## Task statement
Every line in the data below from the one containing "#17415 = CARTESIAN_POINT" down to the one containing "#22511 = DIRECTION", both included, must be retyped exactly; no other line is to appear.

## Data section
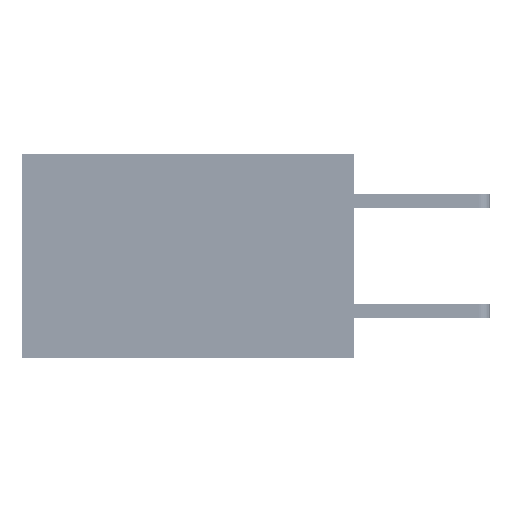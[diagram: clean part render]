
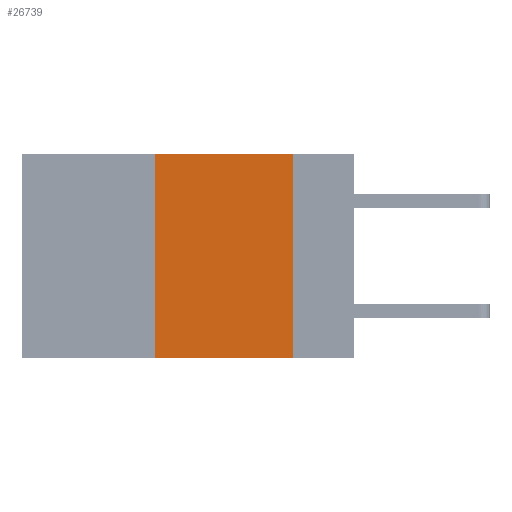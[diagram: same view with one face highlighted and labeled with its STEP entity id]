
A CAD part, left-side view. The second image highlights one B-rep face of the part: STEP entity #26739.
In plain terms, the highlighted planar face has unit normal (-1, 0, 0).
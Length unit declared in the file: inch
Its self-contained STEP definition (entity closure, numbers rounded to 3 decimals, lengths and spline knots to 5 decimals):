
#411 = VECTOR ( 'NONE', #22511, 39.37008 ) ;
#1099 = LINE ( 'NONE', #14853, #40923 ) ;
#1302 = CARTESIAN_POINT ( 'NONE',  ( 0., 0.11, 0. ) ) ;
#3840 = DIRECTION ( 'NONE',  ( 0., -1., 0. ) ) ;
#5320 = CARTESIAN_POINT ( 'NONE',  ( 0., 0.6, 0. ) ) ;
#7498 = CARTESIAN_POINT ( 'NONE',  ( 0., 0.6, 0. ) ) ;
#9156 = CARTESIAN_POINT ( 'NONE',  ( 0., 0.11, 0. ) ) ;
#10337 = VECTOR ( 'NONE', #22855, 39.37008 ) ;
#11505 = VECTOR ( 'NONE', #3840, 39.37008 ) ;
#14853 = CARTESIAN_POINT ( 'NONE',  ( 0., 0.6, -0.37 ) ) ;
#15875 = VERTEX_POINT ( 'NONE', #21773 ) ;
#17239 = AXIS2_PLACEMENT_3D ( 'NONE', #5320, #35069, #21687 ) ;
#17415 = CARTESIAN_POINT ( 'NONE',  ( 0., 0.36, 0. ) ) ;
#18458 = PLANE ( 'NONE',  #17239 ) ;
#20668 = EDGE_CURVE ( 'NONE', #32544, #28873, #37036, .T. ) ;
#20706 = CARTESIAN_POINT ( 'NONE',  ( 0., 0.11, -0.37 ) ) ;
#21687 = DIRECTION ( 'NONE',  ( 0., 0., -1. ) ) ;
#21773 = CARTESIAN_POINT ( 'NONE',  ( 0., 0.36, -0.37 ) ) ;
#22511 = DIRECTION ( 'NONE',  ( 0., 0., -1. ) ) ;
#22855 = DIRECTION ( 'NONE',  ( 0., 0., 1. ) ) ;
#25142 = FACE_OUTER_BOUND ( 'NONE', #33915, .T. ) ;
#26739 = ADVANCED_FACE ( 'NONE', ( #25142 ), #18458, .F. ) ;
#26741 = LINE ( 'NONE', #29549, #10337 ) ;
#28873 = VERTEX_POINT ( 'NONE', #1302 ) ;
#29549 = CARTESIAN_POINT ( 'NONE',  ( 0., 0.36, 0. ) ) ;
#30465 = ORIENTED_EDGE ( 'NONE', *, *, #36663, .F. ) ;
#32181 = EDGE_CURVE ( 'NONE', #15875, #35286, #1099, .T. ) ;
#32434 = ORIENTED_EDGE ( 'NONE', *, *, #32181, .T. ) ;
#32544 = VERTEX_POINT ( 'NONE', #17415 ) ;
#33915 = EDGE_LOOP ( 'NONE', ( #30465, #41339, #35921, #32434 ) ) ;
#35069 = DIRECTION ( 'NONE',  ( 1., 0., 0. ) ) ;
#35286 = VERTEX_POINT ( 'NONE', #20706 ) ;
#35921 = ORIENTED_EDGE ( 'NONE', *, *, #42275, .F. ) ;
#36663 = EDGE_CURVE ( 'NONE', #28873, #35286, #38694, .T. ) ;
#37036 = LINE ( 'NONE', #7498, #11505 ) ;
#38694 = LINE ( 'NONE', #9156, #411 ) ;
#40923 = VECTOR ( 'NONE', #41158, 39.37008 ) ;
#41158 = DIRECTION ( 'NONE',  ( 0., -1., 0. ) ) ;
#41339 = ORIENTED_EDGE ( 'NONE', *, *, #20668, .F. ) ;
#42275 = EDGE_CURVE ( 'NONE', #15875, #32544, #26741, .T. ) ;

## Problem solution
#17415 = CARTESIAN_POINT ( 'NONE',  ( 0., 0.36, 0. ) ) ;
#18458 = PLANE ( 'NONE',  #17239 ) ;
#20668 = EDGE_CURVE ( 'NONE', #32544, #28873, #37036, .T. ) ;
#20706 = CARTESIAN_POINT ( 'NONE',  ( 0., 0.11, -0.37 ) ) ;
#21687 = DIRECTION ( 'NONE',  ( 0., 0., -1. ) ) ;
#21773 = CARTESIAN_POINT ( 'NONE',  ( 0., 0.36, -0.37 ) ) ;
#22511 = DIRECTION ( 'NONE',  ( 0., 0., -1. ) ) ;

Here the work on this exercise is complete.